## Source material
== == ==

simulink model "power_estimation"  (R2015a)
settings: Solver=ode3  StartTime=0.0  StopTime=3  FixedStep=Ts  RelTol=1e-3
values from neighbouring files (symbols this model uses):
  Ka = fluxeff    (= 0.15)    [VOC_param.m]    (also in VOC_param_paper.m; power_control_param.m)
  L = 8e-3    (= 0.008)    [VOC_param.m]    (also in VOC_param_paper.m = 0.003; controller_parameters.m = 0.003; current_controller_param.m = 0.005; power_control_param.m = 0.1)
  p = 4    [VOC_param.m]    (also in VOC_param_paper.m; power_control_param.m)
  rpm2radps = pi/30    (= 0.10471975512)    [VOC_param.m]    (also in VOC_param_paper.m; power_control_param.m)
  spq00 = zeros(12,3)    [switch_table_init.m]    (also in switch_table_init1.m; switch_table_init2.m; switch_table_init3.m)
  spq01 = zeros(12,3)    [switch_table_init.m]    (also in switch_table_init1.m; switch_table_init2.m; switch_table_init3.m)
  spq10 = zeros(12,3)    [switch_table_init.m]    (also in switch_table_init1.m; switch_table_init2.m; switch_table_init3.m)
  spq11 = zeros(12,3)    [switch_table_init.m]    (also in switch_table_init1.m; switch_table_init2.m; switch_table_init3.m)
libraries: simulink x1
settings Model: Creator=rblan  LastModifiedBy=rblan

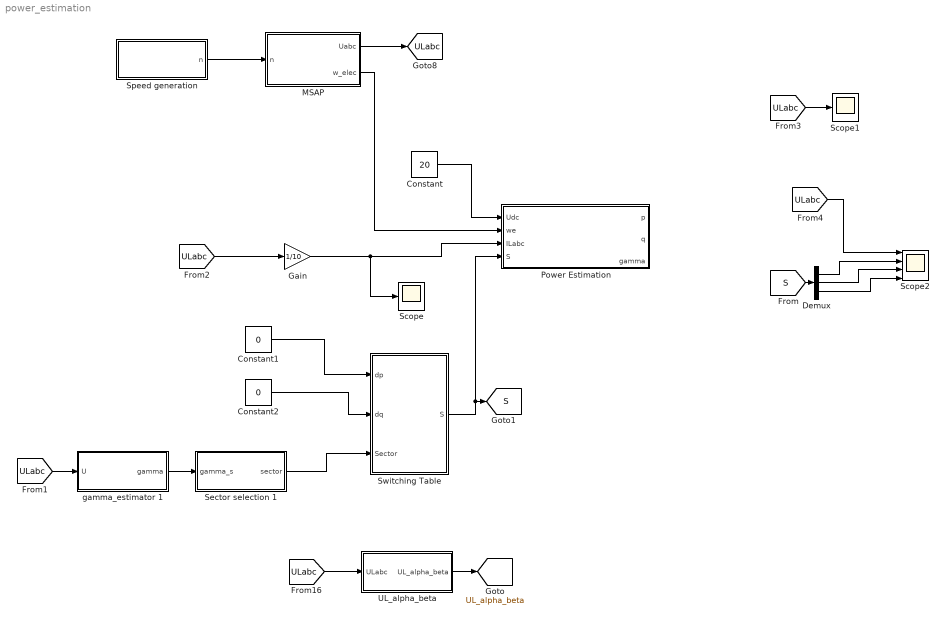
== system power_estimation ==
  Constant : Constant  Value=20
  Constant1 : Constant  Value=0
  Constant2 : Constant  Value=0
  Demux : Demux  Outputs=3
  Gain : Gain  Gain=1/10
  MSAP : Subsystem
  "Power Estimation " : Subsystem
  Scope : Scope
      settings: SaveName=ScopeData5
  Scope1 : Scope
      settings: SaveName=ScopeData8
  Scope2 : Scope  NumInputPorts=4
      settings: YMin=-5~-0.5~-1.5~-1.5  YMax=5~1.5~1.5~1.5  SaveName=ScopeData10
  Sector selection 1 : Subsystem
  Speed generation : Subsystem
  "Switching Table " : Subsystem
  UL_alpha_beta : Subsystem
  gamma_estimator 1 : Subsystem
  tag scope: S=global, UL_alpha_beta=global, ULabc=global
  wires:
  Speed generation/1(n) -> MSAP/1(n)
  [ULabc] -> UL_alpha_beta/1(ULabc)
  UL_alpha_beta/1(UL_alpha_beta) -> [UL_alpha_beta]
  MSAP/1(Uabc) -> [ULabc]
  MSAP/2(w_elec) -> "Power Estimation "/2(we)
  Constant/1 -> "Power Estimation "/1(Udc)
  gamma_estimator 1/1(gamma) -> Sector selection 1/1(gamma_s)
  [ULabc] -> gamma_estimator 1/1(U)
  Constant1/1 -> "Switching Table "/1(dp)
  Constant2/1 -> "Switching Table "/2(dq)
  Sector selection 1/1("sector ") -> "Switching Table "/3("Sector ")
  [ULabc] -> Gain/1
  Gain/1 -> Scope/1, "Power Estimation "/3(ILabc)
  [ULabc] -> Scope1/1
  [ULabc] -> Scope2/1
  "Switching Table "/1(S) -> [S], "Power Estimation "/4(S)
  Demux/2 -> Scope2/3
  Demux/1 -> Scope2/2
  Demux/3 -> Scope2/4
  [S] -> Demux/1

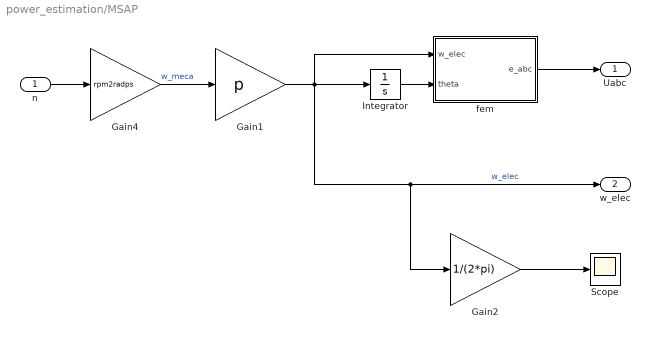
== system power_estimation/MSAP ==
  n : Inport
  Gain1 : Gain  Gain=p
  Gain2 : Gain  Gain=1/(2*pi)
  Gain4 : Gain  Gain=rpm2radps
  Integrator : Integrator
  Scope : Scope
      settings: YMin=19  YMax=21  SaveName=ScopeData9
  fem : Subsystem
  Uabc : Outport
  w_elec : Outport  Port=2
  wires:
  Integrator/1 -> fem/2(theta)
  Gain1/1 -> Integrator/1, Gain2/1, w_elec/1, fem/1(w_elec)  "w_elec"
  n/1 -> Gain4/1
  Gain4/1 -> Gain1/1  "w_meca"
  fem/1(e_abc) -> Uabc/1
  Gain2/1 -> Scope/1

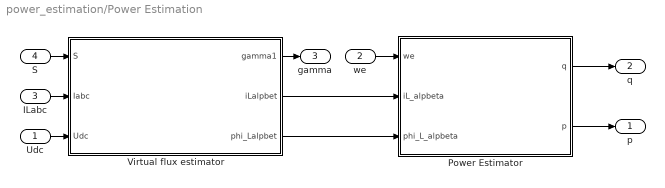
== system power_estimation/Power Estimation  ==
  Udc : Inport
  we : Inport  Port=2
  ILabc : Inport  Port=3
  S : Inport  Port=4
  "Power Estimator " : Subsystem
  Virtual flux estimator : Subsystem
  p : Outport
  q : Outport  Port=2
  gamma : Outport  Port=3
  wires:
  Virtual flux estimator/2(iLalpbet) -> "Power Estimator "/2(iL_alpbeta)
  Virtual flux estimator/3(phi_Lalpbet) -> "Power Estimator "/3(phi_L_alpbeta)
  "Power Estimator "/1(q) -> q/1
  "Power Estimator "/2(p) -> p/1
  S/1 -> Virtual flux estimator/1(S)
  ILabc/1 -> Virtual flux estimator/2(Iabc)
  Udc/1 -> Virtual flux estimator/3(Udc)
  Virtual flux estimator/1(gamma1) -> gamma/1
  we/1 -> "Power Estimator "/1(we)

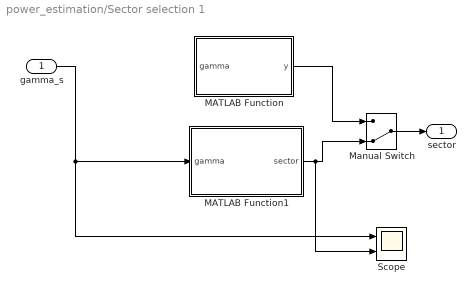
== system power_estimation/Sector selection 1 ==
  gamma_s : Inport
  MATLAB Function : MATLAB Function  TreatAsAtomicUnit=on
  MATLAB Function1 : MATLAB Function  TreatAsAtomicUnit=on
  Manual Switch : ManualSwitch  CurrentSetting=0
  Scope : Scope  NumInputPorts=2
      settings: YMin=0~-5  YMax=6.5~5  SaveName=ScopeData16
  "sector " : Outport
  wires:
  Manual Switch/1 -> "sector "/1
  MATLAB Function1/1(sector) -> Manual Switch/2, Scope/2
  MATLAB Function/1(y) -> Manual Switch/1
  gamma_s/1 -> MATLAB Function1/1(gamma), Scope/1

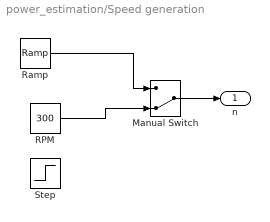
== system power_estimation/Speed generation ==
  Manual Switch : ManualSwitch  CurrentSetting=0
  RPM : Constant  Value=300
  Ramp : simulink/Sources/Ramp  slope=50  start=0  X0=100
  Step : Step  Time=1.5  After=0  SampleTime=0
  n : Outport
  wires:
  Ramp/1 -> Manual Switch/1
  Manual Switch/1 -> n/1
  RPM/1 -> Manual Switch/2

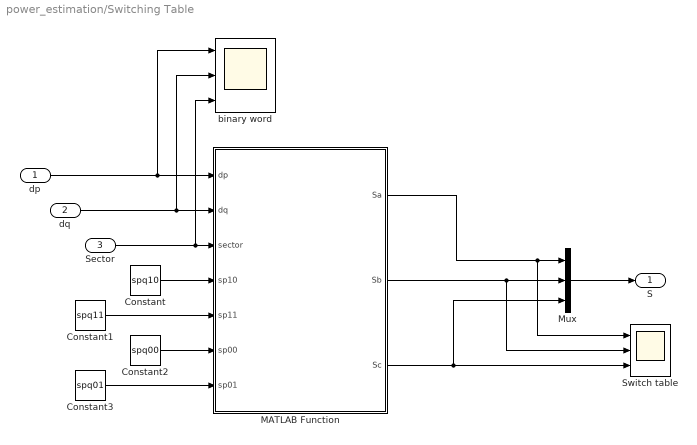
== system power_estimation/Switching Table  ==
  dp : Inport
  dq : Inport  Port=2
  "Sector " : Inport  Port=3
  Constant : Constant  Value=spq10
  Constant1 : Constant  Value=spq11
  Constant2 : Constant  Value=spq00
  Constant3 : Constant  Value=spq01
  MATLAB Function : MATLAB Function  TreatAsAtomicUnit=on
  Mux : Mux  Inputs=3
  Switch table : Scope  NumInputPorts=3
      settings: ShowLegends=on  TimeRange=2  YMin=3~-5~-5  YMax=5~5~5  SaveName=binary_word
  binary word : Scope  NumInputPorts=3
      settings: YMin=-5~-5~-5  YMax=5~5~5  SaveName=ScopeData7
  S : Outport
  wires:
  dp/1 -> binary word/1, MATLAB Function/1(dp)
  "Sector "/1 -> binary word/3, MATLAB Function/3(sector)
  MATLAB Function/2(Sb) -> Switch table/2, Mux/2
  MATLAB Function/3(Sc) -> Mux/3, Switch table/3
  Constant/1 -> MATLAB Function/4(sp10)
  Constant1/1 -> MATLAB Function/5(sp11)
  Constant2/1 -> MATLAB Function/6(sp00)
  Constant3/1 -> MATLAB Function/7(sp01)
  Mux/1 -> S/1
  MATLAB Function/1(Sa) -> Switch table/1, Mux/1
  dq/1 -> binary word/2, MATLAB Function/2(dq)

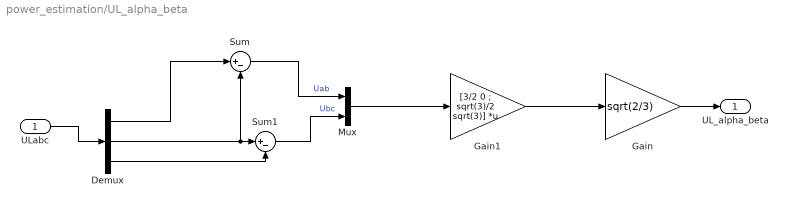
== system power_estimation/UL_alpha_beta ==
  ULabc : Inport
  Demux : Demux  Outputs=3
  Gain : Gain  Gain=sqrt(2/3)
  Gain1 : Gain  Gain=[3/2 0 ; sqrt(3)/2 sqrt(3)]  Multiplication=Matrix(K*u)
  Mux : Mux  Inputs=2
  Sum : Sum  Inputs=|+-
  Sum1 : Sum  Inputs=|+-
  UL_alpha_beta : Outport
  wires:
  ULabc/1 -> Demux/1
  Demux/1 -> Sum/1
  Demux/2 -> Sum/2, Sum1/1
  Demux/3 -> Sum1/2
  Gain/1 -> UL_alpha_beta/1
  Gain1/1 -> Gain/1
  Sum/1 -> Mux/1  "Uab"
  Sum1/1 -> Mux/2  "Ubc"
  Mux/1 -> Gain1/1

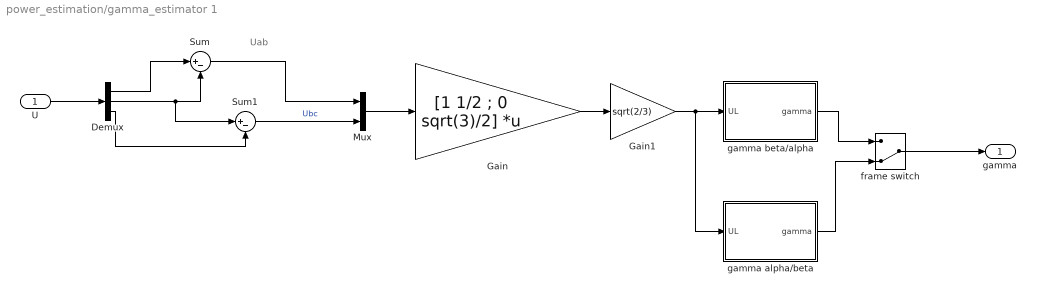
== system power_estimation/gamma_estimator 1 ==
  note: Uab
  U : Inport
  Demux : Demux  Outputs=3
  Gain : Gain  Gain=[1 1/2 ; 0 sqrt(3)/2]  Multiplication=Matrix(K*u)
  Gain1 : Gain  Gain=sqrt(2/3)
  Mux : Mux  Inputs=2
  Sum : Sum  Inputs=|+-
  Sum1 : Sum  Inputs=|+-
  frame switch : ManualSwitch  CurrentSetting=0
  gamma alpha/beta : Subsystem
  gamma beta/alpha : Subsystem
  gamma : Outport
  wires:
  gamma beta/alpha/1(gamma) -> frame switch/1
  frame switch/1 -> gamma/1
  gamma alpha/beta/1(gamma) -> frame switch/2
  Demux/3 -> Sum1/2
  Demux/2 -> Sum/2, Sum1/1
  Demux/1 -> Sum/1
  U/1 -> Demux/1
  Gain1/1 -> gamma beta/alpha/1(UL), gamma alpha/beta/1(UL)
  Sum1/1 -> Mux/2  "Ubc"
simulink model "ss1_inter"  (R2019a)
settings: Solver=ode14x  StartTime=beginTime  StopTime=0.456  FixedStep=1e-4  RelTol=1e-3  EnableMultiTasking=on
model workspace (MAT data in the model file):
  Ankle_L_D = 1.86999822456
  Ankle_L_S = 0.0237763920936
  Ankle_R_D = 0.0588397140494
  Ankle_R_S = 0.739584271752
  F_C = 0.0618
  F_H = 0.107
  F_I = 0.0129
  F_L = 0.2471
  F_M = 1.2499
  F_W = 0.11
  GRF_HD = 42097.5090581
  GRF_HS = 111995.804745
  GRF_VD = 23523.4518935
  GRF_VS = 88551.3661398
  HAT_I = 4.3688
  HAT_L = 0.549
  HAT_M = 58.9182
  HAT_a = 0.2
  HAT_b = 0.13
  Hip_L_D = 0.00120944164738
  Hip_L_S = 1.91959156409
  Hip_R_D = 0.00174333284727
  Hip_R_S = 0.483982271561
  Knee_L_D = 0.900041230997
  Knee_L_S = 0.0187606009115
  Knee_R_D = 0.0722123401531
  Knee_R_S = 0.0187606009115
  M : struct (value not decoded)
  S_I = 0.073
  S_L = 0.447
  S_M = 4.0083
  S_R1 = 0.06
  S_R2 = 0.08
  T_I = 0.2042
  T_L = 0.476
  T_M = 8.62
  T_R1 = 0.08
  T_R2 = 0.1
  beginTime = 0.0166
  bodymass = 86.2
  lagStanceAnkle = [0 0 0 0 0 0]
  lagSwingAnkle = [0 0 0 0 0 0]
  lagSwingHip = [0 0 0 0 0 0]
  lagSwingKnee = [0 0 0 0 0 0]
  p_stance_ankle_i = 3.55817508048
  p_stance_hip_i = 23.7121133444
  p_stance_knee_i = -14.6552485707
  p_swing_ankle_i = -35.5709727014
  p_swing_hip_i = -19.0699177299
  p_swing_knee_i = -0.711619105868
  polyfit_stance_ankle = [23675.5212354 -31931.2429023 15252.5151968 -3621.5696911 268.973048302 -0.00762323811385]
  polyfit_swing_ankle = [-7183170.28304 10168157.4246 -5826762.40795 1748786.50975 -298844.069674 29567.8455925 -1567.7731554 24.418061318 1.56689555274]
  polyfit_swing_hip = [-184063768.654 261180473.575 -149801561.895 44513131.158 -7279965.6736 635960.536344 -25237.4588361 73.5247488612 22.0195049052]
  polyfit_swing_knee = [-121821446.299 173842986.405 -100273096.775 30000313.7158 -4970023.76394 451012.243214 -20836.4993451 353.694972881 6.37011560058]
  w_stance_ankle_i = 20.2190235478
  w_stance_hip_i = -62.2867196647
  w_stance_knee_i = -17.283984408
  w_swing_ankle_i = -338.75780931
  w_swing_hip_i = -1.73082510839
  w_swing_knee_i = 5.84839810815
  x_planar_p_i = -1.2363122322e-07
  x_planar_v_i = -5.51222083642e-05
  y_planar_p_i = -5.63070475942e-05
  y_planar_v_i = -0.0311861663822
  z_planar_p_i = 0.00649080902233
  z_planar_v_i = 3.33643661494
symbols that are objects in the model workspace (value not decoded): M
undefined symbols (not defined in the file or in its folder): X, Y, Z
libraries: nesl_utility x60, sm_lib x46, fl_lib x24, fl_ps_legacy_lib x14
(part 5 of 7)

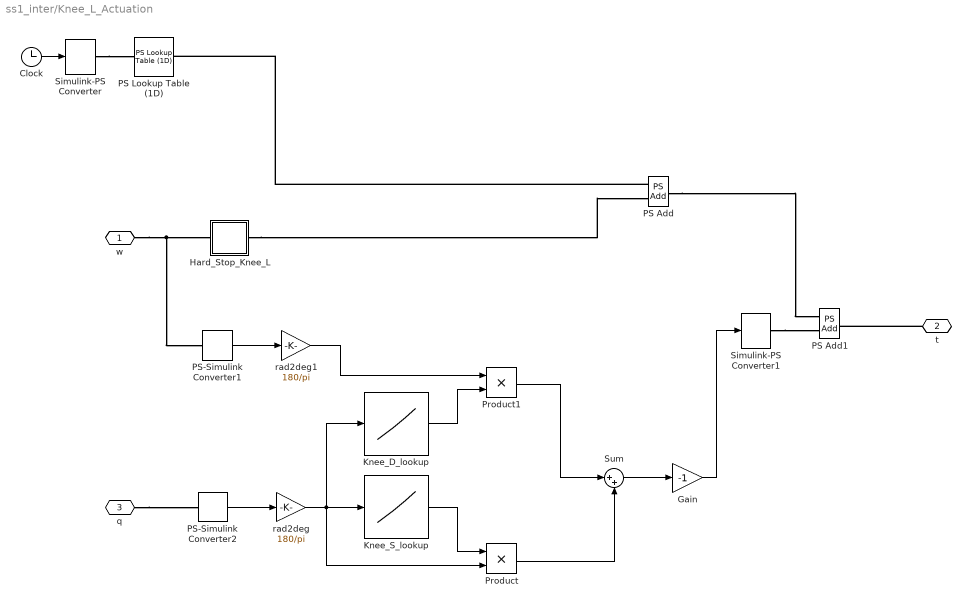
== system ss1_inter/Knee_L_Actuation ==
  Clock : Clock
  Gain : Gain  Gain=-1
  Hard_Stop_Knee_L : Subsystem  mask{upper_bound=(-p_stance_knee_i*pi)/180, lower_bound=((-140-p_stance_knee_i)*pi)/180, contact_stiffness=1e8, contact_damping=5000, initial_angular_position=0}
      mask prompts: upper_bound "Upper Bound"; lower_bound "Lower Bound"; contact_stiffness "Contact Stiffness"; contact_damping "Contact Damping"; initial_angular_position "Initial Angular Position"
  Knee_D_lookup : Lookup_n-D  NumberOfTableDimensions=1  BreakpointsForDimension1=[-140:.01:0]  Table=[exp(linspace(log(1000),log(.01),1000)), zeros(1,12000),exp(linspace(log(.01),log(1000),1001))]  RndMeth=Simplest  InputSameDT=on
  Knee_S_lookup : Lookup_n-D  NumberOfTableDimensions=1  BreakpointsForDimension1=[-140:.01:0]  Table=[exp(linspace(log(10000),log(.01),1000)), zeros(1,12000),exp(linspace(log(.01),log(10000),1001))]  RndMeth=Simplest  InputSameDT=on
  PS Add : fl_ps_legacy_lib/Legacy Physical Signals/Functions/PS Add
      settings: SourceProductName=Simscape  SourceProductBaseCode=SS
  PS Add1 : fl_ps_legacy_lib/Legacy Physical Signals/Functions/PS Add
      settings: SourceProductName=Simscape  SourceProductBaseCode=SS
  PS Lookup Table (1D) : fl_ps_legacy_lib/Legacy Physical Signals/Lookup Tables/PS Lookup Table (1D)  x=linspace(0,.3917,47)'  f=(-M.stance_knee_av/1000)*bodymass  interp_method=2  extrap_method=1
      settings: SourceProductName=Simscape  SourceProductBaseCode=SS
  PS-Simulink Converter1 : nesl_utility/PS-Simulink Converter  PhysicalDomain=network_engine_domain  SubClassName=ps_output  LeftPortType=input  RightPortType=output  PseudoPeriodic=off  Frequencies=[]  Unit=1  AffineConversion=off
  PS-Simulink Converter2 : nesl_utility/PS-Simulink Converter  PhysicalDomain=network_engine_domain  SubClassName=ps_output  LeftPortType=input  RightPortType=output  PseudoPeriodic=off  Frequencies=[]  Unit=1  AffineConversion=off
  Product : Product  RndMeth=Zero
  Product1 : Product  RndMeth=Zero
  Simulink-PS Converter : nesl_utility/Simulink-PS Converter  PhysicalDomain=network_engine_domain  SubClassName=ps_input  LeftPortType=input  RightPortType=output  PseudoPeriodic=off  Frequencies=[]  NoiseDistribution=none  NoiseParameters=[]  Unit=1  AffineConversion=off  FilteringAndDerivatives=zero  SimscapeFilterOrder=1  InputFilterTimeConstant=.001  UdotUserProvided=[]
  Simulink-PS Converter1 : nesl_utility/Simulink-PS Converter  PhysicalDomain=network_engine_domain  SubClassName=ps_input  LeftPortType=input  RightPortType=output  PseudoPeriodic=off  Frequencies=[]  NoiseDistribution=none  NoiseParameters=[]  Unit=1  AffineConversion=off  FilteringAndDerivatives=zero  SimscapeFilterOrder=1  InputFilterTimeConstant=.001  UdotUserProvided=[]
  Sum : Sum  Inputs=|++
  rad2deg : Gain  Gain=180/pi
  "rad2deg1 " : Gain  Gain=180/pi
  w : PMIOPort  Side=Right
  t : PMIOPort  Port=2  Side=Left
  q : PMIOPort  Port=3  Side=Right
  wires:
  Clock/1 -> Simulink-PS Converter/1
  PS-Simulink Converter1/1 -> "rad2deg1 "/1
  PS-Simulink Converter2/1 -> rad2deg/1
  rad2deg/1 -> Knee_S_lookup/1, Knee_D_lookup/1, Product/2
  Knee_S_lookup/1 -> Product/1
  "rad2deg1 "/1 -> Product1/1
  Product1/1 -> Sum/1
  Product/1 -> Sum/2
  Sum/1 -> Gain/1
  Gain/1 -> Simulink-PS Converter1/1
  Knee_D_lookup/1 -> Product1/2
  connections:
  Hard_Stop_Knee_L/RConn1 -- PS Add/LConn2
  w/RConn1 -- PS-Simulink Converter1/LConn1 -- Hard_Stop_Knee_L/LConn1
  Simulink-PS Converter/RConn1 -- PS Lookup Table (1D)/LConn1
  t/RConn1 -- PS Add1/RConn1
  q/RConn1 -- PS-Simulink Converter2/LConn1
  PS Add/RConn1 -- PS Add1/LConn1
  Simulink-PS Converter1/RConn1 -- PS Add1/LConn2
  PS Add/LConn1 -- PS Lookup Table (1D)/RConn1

== == ==

Only the lines from the first one of the listing up to and including the line where "Ka = fluxeff" appears are wanted, reproduced exactly.

## Problem solution
simulink model "power_estimation"  (R2015a)
settings: Solver=ode3  StartTime=0.0  StopTime=3  FixedStep=Ts  RelTol=1e-3
values from neighbouring files (symbols this model uses):
  Ka = fluxeff    (= 0.15)    [VOC_param.m]    (also in VOC_param_paper.m; power_control_param.m)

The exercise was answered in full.